Plusieurs pistes sont envisagées pour élucider le mystère. Certains
privilégient l’hypothèse d’une origine plurifactorielle : plusieurs facteurs
contribueraient conjointement à l’explication du phénomène. D’autres
auteurs préfèrent remettre en cause l’interprétation du phénomène comme
témoignant d’une augmentation du niveau intellectuel des populations :
l’effet observé serait un artéfact du en particulier à la banalisation des tests
(familiarisation des individus vis-à-vis des tests) ou encore à un changement
d’attitude face aux situations d’évaluation par les tests.
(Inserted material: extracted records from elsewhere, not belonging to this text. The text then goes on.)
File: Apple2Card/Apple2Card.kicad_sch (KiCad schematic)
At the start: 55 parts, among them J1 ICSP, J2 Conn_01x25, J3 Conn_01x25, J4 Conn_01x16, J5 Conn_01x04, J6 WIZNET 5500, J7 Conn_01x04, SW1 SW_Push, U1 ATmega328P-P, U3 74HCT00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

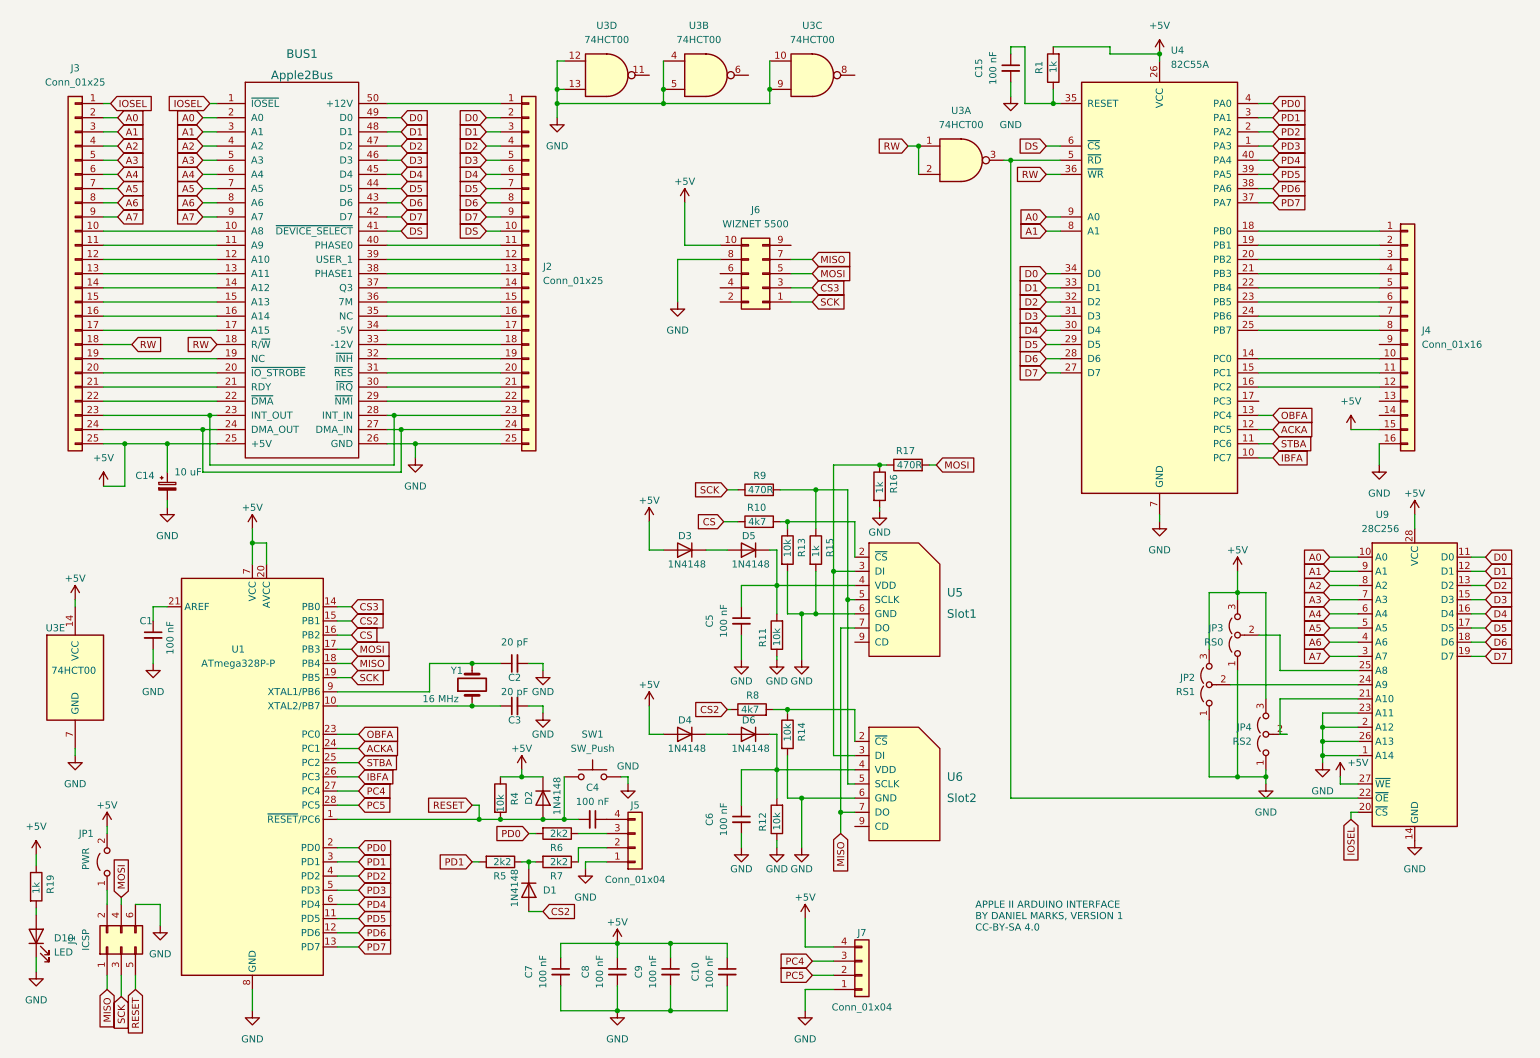
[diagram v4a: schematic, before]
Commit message: Added ROM banking
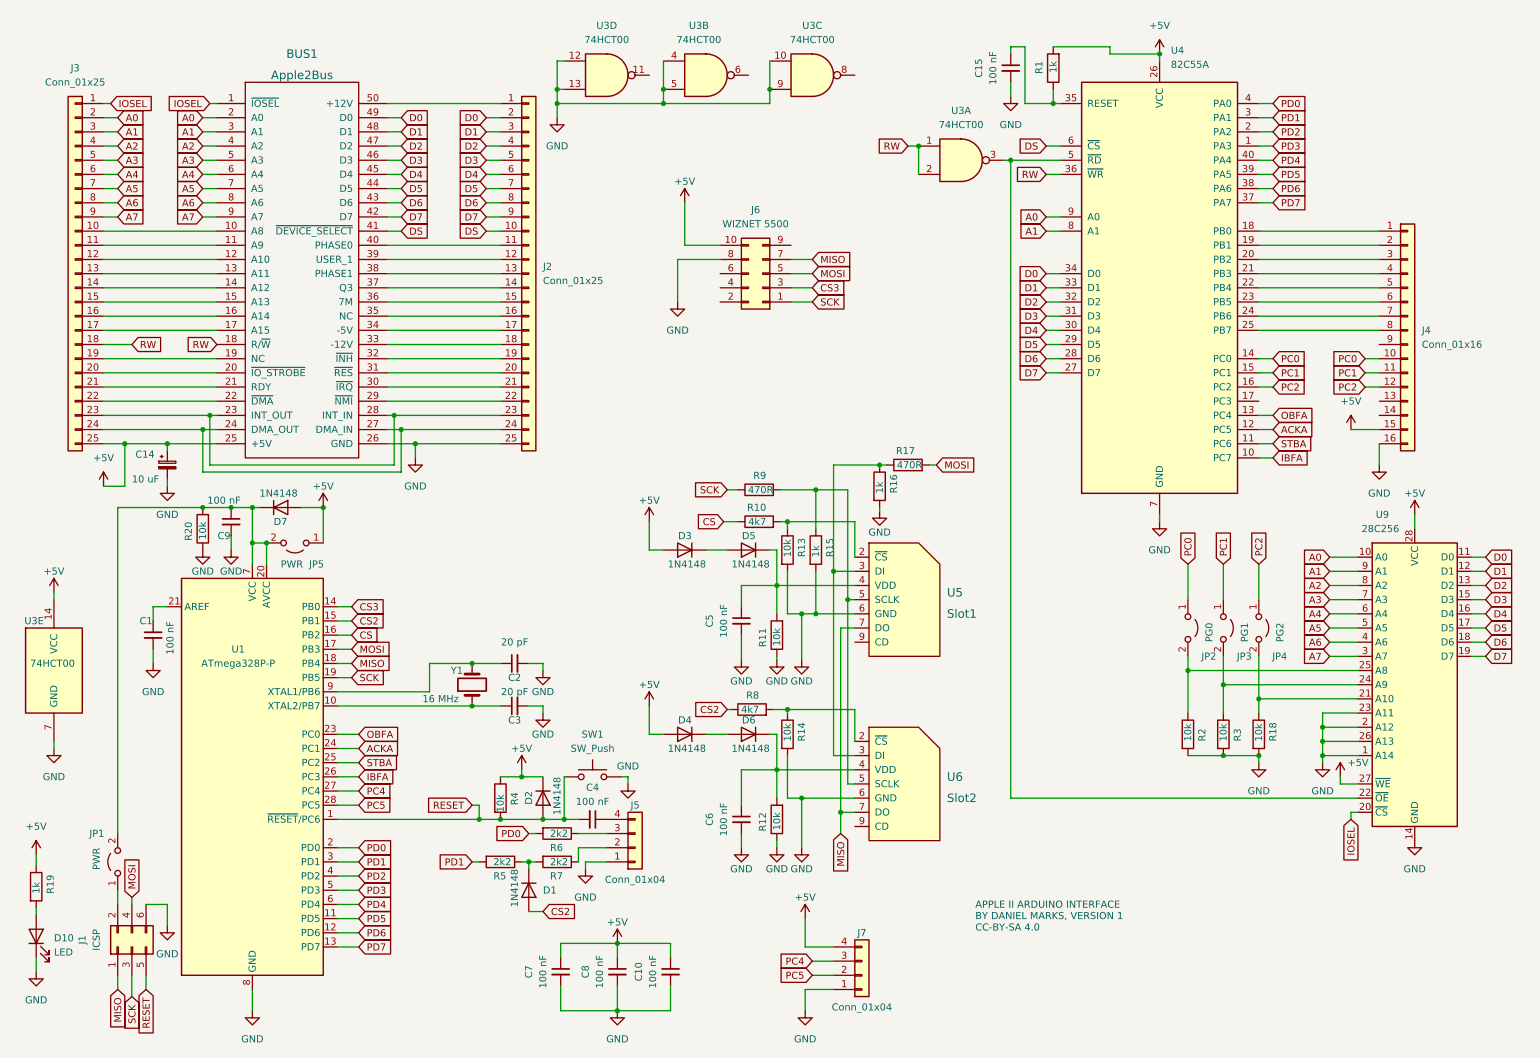
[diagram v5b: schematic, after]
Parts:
- removed JP2: RS1, Connector_PinHeader_2.54mm:PinHeader_1x03_P2.54mm_Vertical, symbol Jumper:Jumper_3_Open
- removed JP3: RS0, Connector_PinHeader_2.54mm:PinHeader_1x03_P2.54mm_Vertical, symbol Jumper:Jumper_3_Open
- removed JP4: RS2, Connector_PinHeader_2.54mm:PinHeader_1x03_P2.54mm_Vertical, symbol Jumper:Jumper_3_Open
- added D7: 1N4148, Diode_THT:D_DO-35_SOD27_P7.62mm_Horizontal, symbol Device:D
- added JP2: PG0, Connector_PinHeader_2.54mm:PinHeader_1x02_P2.54mm_Vertical, symbol Jumper:Jumper_2_Open
- added JP3: PG1, Connector_PinHeader_2.54mm:PinHeader_1x02_P2.54mm_Vertical, symbol Jumper:Jumper_2_Open
- added JP4: PG2, Connector_PinHeader_2.54mm:PinHeader_1x02_P2.54mm_Vertical, symbol Jumper:Jumper_2_Open
- added JP5: PWR, Connector_PinHeader_2.54mm:PinHeader_1x02_P2.54mm_Vertical, symbol Jumper:Jumper_2_Open
- added R18, R2, R20, R3: 10k, Resistor_THT:R_Axial_DIN0207_L6.3mm_D2.5mm_P7.62mm_Horizontal, symbol Device:R
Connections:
- net +5V: now also D7.2 (A), JP5.1 (A); no longer C9.1, JP1.2 (B), U1.20 (AVCC), U1.7 (VCC)
- net GND: now also R18.2, R2.2, R20.1, R3.2
- net at U9.21 (A10): now also JP4.2 (B), R18.1
- net at U9.24 (A9): now also JP3.2 (B), R3.1
- net at U9.25 (A8): now also JP2.2 (B), R2.1
- net PC0: now reaches J4.10 (Pin_10), U4.14 (PC0)
- net PC0: now also JP2.1 (A)
- net PC1: now reaches J4.11 (Pin_11), U4.15 (PC1)
- net PC1: now also JP3.1 (A)
- net PC2: now reaches J4.12 (Pin_12), U4.16 (PC2)
- net PC2: now also JP4.1 (A)
- new net: C9.1, D7.1 (K), JP1.2 (B), JP5.2 (B), R20.2, U1.20 (AVCC), U1.7 (VCC)
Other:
- moved on the sheet: C10, C14, C9, J1, JP1, U3E

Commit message: Added initial boot firmware
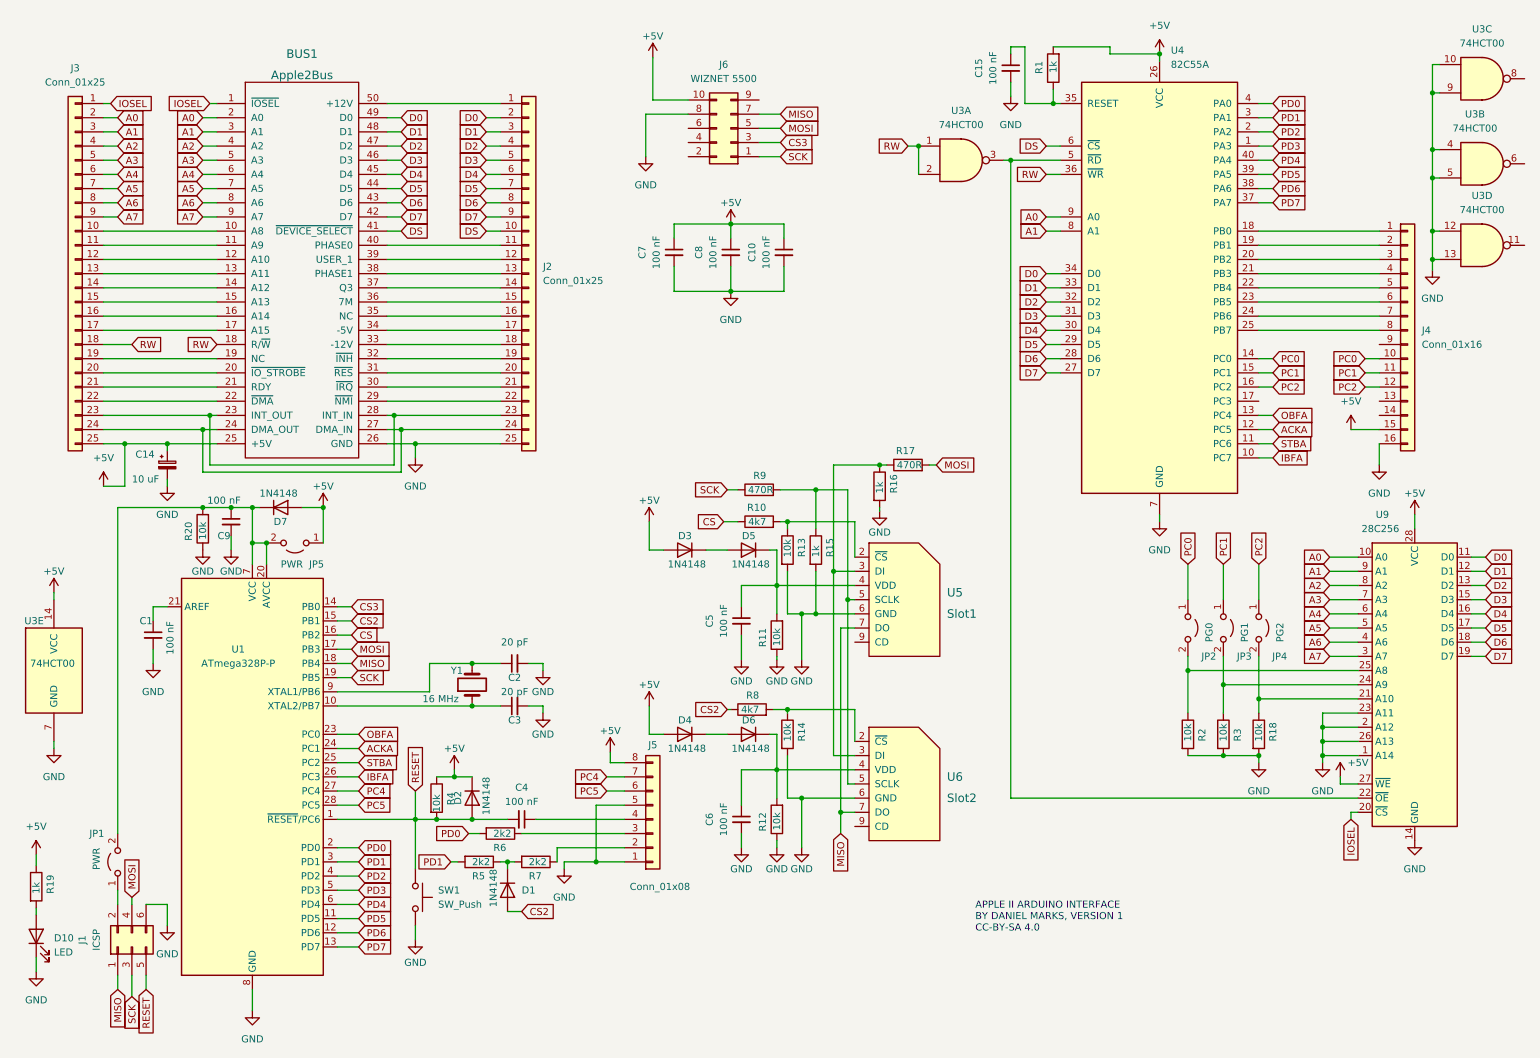
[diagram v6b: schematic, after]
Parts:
- removed J5, J7: Conn_01x04, Connector_PinHeader_2.54mm:PinHeader_1x04_P2.54mm_Vertical, symbol Connector_Generic:Conn_01x04
- added J5: Conn_01x08, Connector_PinHeader_2.54mm:PinHeader_1x08_P2.54mm_Vertical, symbol Connector_Generic:Conn_01x08
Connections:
- net +5V: now also J5.8 (Pin_8)
- net GND: now also J5.1 (Pin_1), J5.5 (Pin_5)
- net PC4: now also J5.7 (Pin_7)
- net PC5: now also J5.6 (Pin_6)
- net at R7.1: now also J5.2 (Pin_2)
- net at R6.1: now also J5.3 (Pin_3)
- net at C4.1: now also J5.4 (Pin_4)
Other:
- moved on the sheet: C10, C4, C7, C8, D1, D2, J6, R4, R5, R6, R7, SW1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

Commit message: Fixed reset circuitry
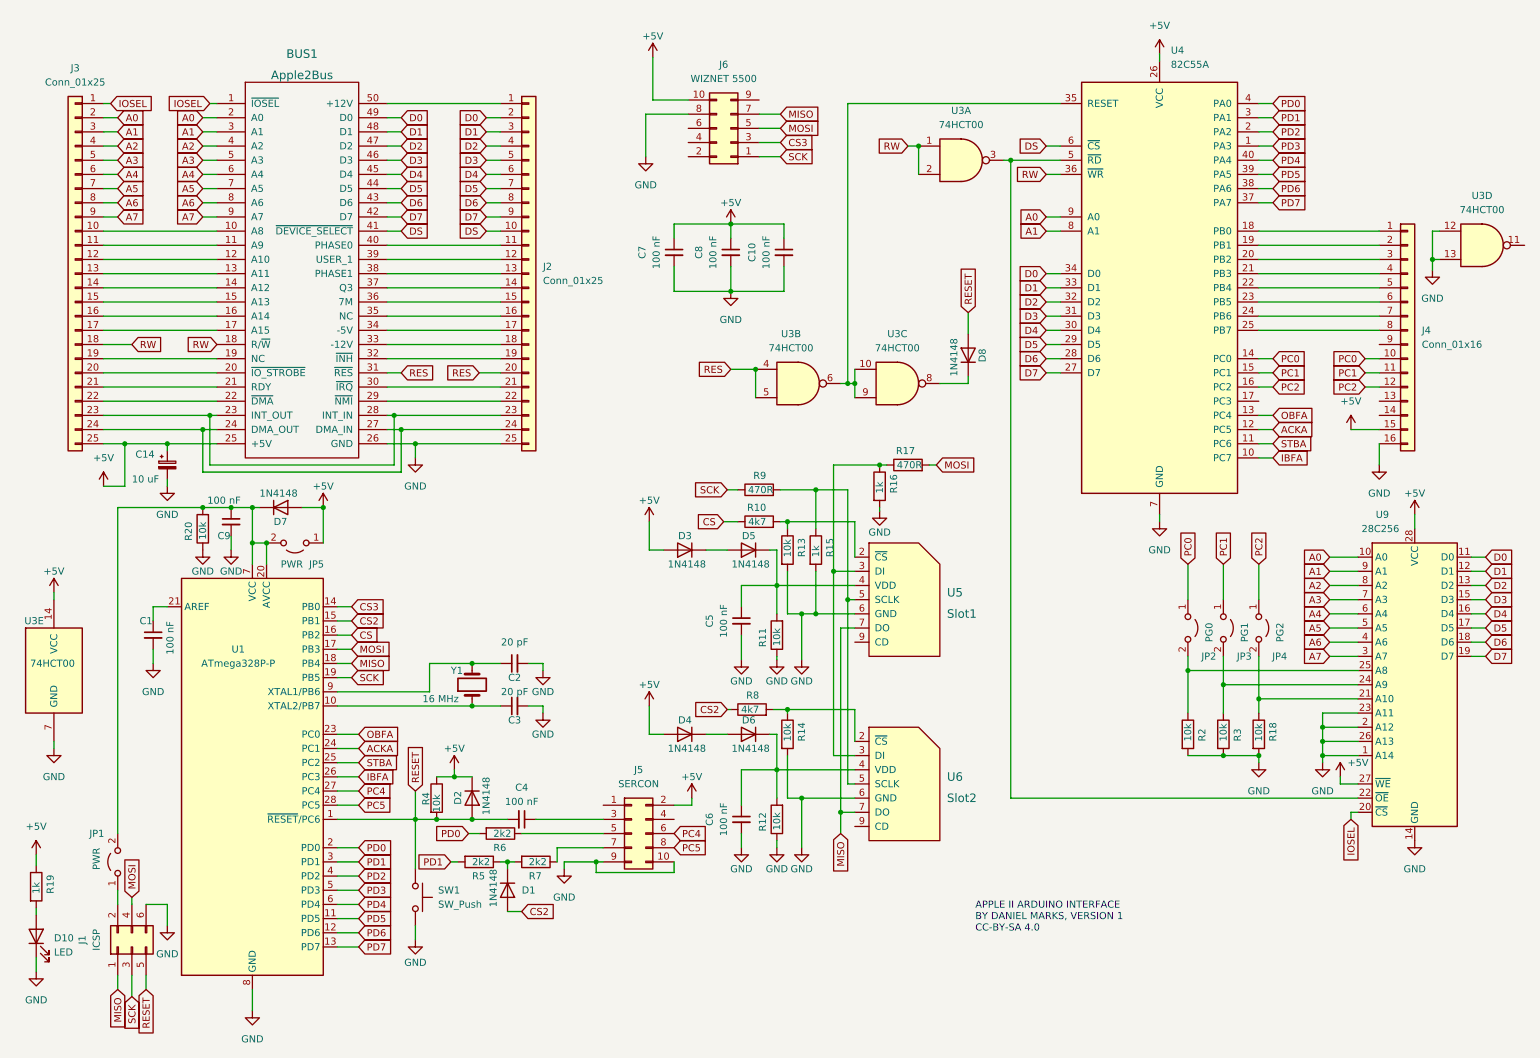
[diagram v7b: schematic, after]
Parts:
- removed C15: 100 nF, Capacitor_THT:C_Disc_D5.0mm_W2.5mm_P5.00mm, symbol Device:C_Small
- removed J5: Conn_01x08, Connector_PinHeader_2.54mm:PinHeader_1x08_P2.54mm_Vertical, symbol Connector_Generic:Conn_01x08
- removed R1: 1k, Resistor_THT:R_Axial_DIN0207_L6.3mm_D2.5mm_P7.62mm_Horizontal, symbol Device:R
- added D8: 1N4148, Diode_THT:D_DO-35_SOD27_P7.62mm_Horizontal, symbol Device:D
- added J5: SERCON, Connector_PinHeader_2.54mm:PinHeader_2x05_P2.54mm_Vertical, symbol Connector_Generic:Conn_02x05_Odd_Even
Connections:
- net +5V: now also J5.2 (Pin_2)
- net GND: now also J5.10 (Pin_10), J5.9 (Pin_9); no longer U3.10, U3.4, U3.5, U3.9
- net PC4: now also J5.6 (Pin_6)
- net PC5: now also J5.8 (Pin_8)
- net RESET: now also D8.2 (A)
- net at U3.6: now also U3.10, U3.9, U4.35 (RESET)
- net at R7.1: now also J5.7 (Pin_7)
- net at R6.1: now also J5.5 (Pin_5)
- net at C4.1: now also J5.3 (Pin_3)
- net RES: now reaches BUS1.31 (~{RES}), J2.20 (Pin_20)
- net RES: now also U3.4, U3.5
- net at U3.8: now also D8.1 (K)
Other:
- moved on the sheet: U3B, U3C

D’autres encore,
et Flynn lui-même en fait partie, s’appuient sur la difficulté rencontrée
à identifier les facteurs explicatifs du phénomène pour remettre plus
fondamentalement en cause la capacité même des tests à évaluer l’intelligence.
Conséquences pour l’évaluation de l’intelligence
Quelles que soient les origines effectives de ce phénomène, celui-ci a
des conséquences importantes d’une part pour notre connaissance de
l’intelligence et d’autre part pour la qualité de sa mesure.
Concernant le premier point, l’effet Flynn, complique fortement les études
développementales de l’intelligence et en particulier celles qui concernent
le vieillissement cognitif. En effet, chaque fois que l’on est amené à étudier
le développement en comparant des groupes d’âges différents (approche
transversale), il devient difficile de savoir si les groupes sont réellement
comparables et dans quelle mesure les résultats obtenus renseignent sur les
effets de l’âge et ne sont pas dus à cet effet de cohorte. Nous reviendrons
sur ce point dans le prochain paragraphe.
Concernant le second point, l’augmentation moyenne régulière des
résultats aux tests d’intelligence accélère l’obsolescence des étalonnages des
tests. On remarquera que, dans ce cas précis, le risque est, fort heureusement,
de surestimer les résultats des individus dans les tests, et non l’inverse.
Néanmoins, la validité de la mesure s’en trouve affaiblie et il est donc
indispensable pour les auteurs et les éditeurs de réétalonner très régulièrement
les tests et, pour le praticien de se garder d’utiliser des tests dont les
étalonnages ne seraient pas récents (inférieurs à 10 ans). Les réétalonnages
successifs, outre le coût qu’ils représentent, risquent de poser des problèmes
méthodologiques relatifs au pouvoir discriminant des tests (lorsque le test
devient par exemple trop facile pour tous). Nous évoquerons ces difficultés
méthodologiques dans le chapitre 2 de cet ouvrage.
Aspects historiques, théoriques et méthodologiques 27

Le niveau intellectuel est-il stable chez l’adulte ?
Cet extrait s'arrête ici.